Despite being the most powerful battery or mains headphone amps I’ve used, PortAMP II’s backgrounds are almost as clean as a Vorzüge PURE II. So much power behind such little noise is almost unheard of. And, every watt of that is usable with even the most sensitive earphones. Like LinnenberG’s Maestro, its attenuator balances channels with digital precision from the lowest of volumes. That said, PortAMP II will never take your music down to 0dB output. PortAMP II leaves a bare whisper of music in the background at its lowest volume. Amazingly, you’ll have to rotate it almost 360º before it takes sensitive earphones to a comfortably loud listening level. And there are many further turns left for all your other headphones. This is unprecedented control.

PortAMP II’s only downside is that it is pretty easy to top out its power input. I’m unable to feed a signal beyond 116dB  from Mojo or other DAC into PortAMP II without returning clipped peaks.

Despite obvious load effect, stereo detail both on the X and Y axis is phenomenal and immersive. Transitions are seamless. If you’re a high-volume listener, PortAMP II parses SNR and dynamic range just north of 114dB. It keeps stereo crosstalk separated by up to -94dB on a signal which I measured at -116dB. While this is lower than CD-quality, it is 94dB. How much recorded music reveals less crosstalk than -94dB I have no idea, but I assume it is rare. Additionally, an average listening volume of, say 90dB, will cap every single metric anyway, to 90dB. Which is why I’m comfortable saying: advantages of 24-bit audio and hi-res players dissolve prior to and after hitting play.

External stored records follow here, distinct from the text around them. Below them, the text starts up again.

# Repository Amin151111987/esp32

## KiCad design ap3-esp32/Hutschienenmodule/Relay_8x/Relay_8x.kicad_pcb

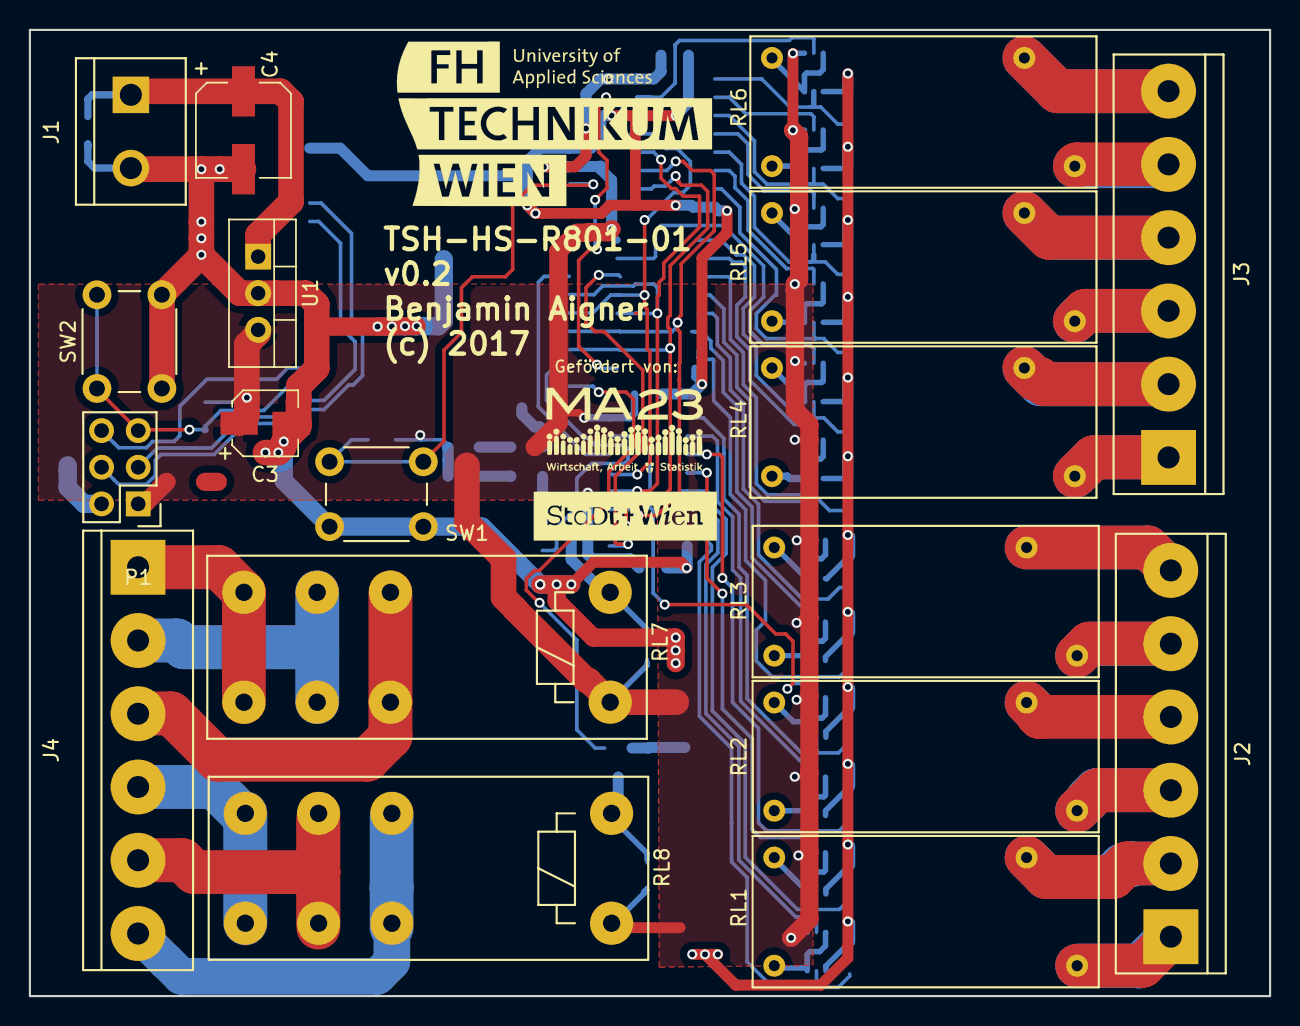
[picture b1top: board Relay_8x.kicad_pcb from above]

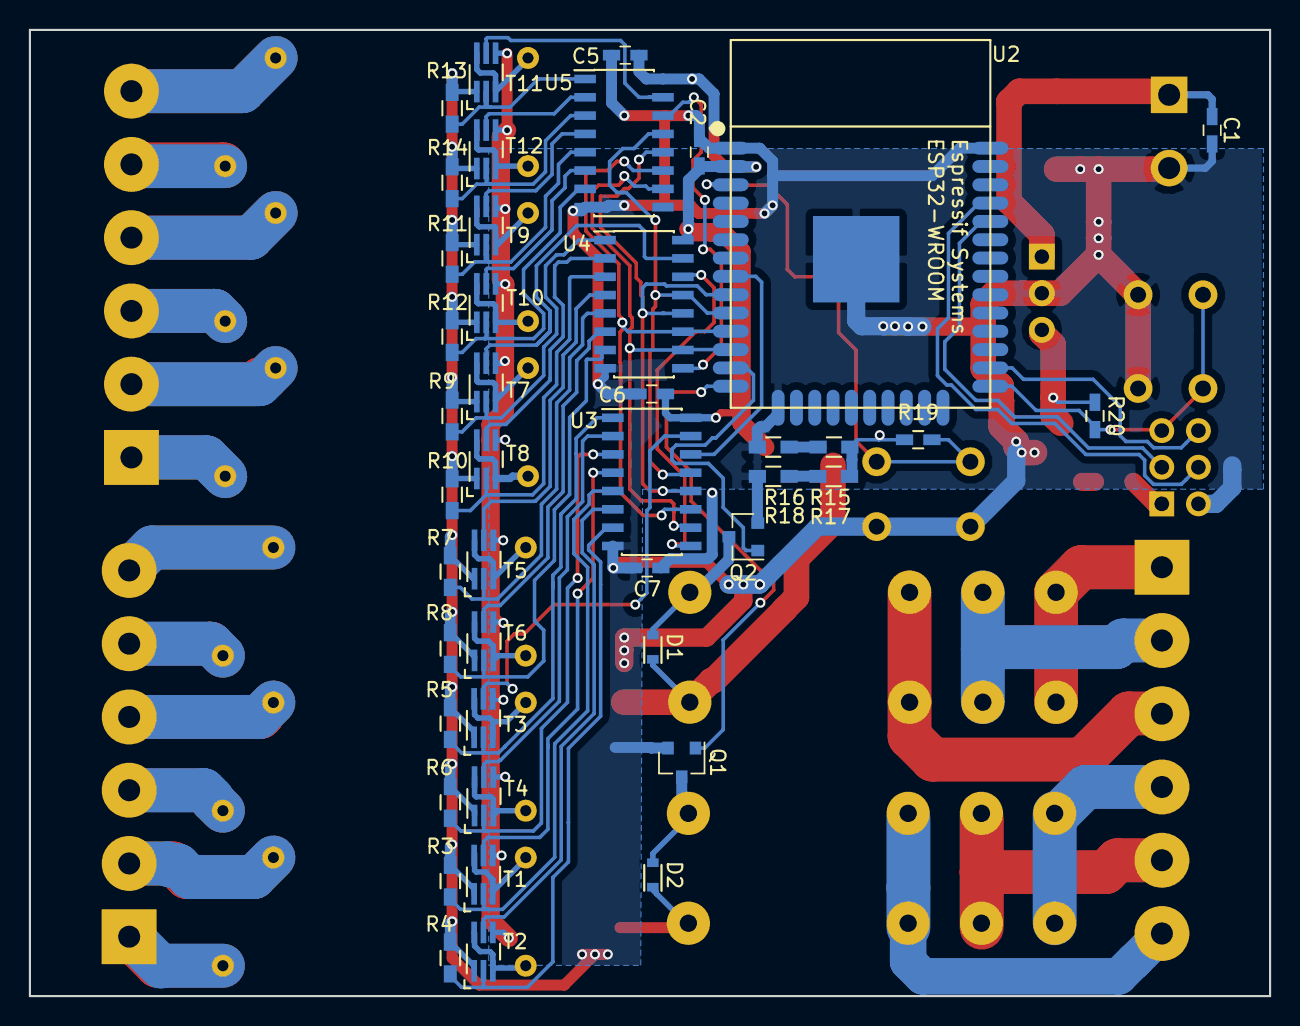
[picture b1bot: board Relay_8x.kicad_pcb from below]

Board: 2 copper layers, 86.0 x 67.0 mm, 61 parts (43 on the bottom side), 75 nets.

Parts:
C1, C2, C5, C6, C7: 100nF; C_0603_HandSoldering
C3: 22uF; CP_Elec_4x5.7
C4: 10uF; CP_Elec_6.3x5.8
D1, D2: D; D_0603
J1: Screw_Terminal_1x02; bornier2
J2, J3, J4: Screw_Terminal_1x06; bornier6
P1: CONN_02X03; Pin_Header_Straight_2x03
Q1, Q2: MMBF170; SOT-23
R3, R4, R5, R6, R7, R8, R9, R10, R11, R12, R13, R14: R_Small; R_0603_HandSoldering
R15, R16, R17, R18: R; R_0603_HandSoldering
R19, R20: 10k; C_0603_HandSoldering
RL1, RL2, RL3, RL4, RL5, RL6: ADW1103; ADW11
RL7, RL8: OZ-SS-103LM1; Relay_SPDT_Schrack-RT1_RM5mm
SW1, SW2: SW_Push; SW_PUSH_6mm_h7.3mm
T1, T2, T3, T4, T5, T6, T7, T8, T9, T10, T11, T12: NX3008CBKS; SC-70-6_Handsoldering
U1: TR10S3V3; TO-220_Vertical
U2: ESP32-WROOM
U3, U4, U5: 74HC595; SOIC-16_3.9x9.9mm_Pitch1.27mm

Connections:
1A1: RL1.A1, T1.3, T1.6
1A2: RL1.A2, T2.3, T2.6
2A1: RL2.A1, T3.3, T3.6
2A2: RL2.A2, T4.3, T4.6
3A1: RL3.A1, T5.3, T5.6
3A2: RL3.A2, T6.3, T6.6
4A1: RL4.A1, T7.3, T7.6
4A2: RL4.A2, T8.3, T8.6
5A1: RL5.A1, T9.3, T9.6
5A2: RL5.A2, T10.3, T10.6
6A1: RL6.A1, T11.3, T11.6
6A2: RL6.A2, T12.3, T12.6
7A2: D1.2, Q2.3, RL7.A2
8A2: D2.2, Q1.3, RL8.A2
+12V: C1.1, C4.1, J1.1, U1.1
/1G1H: T1.5, U3.4
/1G1L: R3.1, T1.2, U3.5
/1G2H: T2.5, U3.6
/1G2L: R4.1, T2.2, U3.7
/2G1H: T3.5, U3.15
/2G1L: R5.1, T3.2, U3.1
/2G2H: T4.5, U3.2
/2G2L: R6.1, T4.2, U3.3
/3G1H: T5.5, U4.4
/3G1L: R7.1, T5.2, U4.5
/3G2H: T6.5, U4.6
/3G2L: R8.1, T6.2, U4.7
/4G1H: T7.5, U4.15
/4G1L: R9.1, T7.2, U4.1
/4G2H: T8.5, U4.2
/4G2L: R10.1, T8.2, U4.3
/5G1H: T9.5, U5.4
/5G1L: R11.1, T9.2, U5.5
/5G2H: T10.5, U5.6
/5G2L: R12.1, T10.2, U5.7
/6G1H: T11.5, U5.15
/6G1L: R13.1, T11.2, U5.1
/6G2H: T12.5, U5.2
/6G2L: R14.1, T12.2, U5.3
/7G: Q2.1, U2.13
/8G: Q1.1, U2.14
/DIO0: P1.5, R20.2, SW2.1, U2.25
/DIO4: P1.6, U2.26
/G: U2.10, U3.13, U4.13, U5.13
/RCLK: U2.9, U3.12, U4.12, U5.12
/RXD: P1.3, U2.34
/SER: U2.8, U3.14
/SRCLK: U2.11, U3.11, U4.11, U5.11
/SRCLR: U2.12, U3.10, U4.10, U5.10
/TXD: P1.4, U2.35
GND: C1.2, C2.2, C3.2, C4.2, C5.2, C6.2, C7.2, J1.2, P1.2, Q1.2, Q2.2, R3.2, R4.2, R5.2, R6.2, R7.2, R8.2, R9.2, R10.2, R11.2, R12.2, R13.2, R14.2, R16.2, R18.2, SW1.1, SW2.2, T1.1, T2.1, T3.1, T4.1, T5.1, T6.1, T7.1, T8.1, T9.1, T10.1, T11.1, T12.1, U1.2, U2.1, U2.15, U2.38, U2.39, U3.8, U4.8, U5.8
unnamed: J2.1, RL1.14
unnamed: J2.2, RL1.11
unnamed: J2.3, RL2.14
unnamed: J2.4, RL2.11
unnamed: J2.5, RL3.14
unnamed: J2.6, RL3.11
unnamed: J3.1, RL4.14
unnamed: J3.2, RL4.11
unnamed: J3.3, RL5.14
unnamed: J3.4, RL5.11
unnamed: J3.5, RL6.14
unnamed: J3.6, RL6.11
unnamed: J4.1, RL7.14
unnamed: J4.2, RL7.11
unnamed: J4.3, RL7.12
unnamed: J4.4, RL8.14
unnamed: J4.5, RL8.11
unnamed: J4.6, RL8.12
unnamed: R15.2, R16.1
unnamed: R17.2, R18.1
unnamed: R19.2, SW1.2, U2.3
unnamed: U3.9, U4.14
unnamed: U4.9, U5.14
VCC: C2.1, C3.1, C5.1, C6.1, C7.1, D1.1, D2.1, P1.1, R15.1, R17.1, R19.1, R20.1, RL7.A1, RL8.A1, T1.4, T2.4, T3.4, T4.4, T5.4, T6.4, T7.4, T8.4, T9.4, T10.4, T11.4, T12.4, U1.3, U2.2, U3.16, U4.16, U5.16

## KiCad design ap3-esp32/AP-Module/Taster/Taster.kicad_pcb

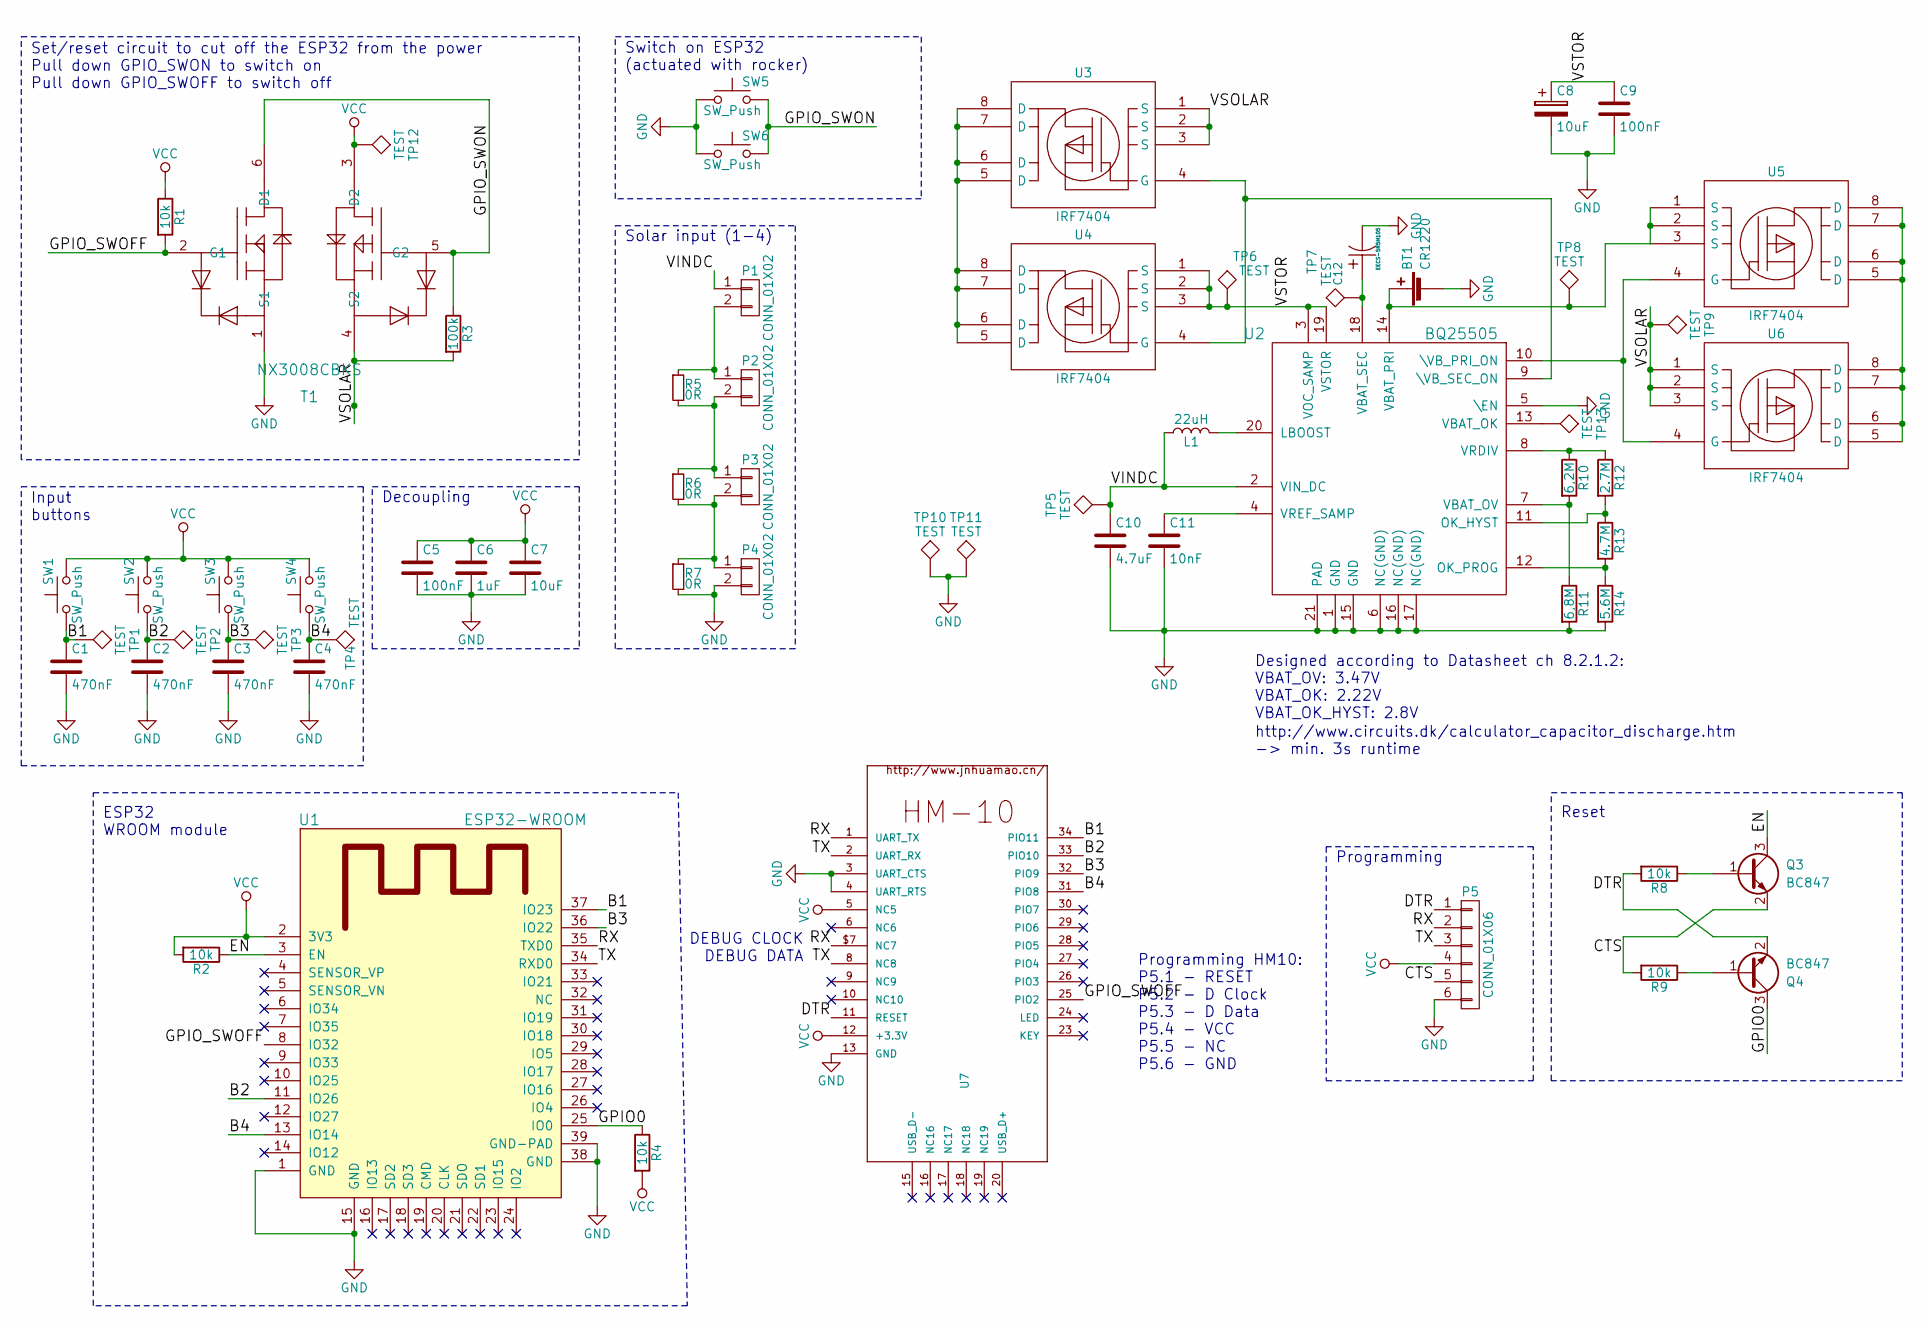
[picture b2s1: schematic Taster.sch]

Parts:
BT1: CR1220; CR2032H1.2
C1, C2, C3, C4: 470nF; C_0603
C5, C9: 100nF; C_0603
C6: 1uF; C_0603
C7, C8: 10uF; C_0805
C10: 4.7uF; C_0805
C11: 10nF; C_0603
C12: EECS-5R5H105; Panasonic-EEC-EECR-EECF-EECS-CAP_EECS5R5H
L1: 22uH; Choke_SMD_Wuerth-WE-PD2-Typ-MS
P1, P2, P3, P4: CONN_01X02; GS2
P5: CONN_01X06; Pin_Header_Straight_1x06
Q3, Q4: BC847; SOT-23
R1, R2, R4, R8, R9: 10k; R_0603
R3: 100k; R_0603
R5, R6, R7: 0R; R_0603
R10: 6,2M; R_0603
R11: 6,8M; R_0603
R12: 2.7M; R_0603
R13: 4.7M; R_0603
R14: 5.6M; R_0603
SW1, SW2, SW3, SW4, SW5, SW6: SW_Push; SW_SPST_EVQQ2
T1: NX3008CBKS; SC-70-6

That out of the way, PortAMP II resolves the shit out of your music. It resolves signals far lower than 20Hz and far higher than 20kHz. And at every stereo crosspoint, it gently presses signal into the next plot, slightly favouring midrange stereo openness, with lows and highs marginally trailing. The difference between each, however, is hardly notable. Cozoy Rei’s stereo gradient is even more gradual, but nowhere near as powerful, nor as smooth-sounding.

Not that PortAMP II is necessarily aiming for smooth. It straddles the line between smooth, and mildly cutting cutting. It follows the line cut best by Vorzüge’s PURE II. And yet it is far more powerful.

PortaDAC 1704’s sound after the jump:

4.5/5 - (8 votes)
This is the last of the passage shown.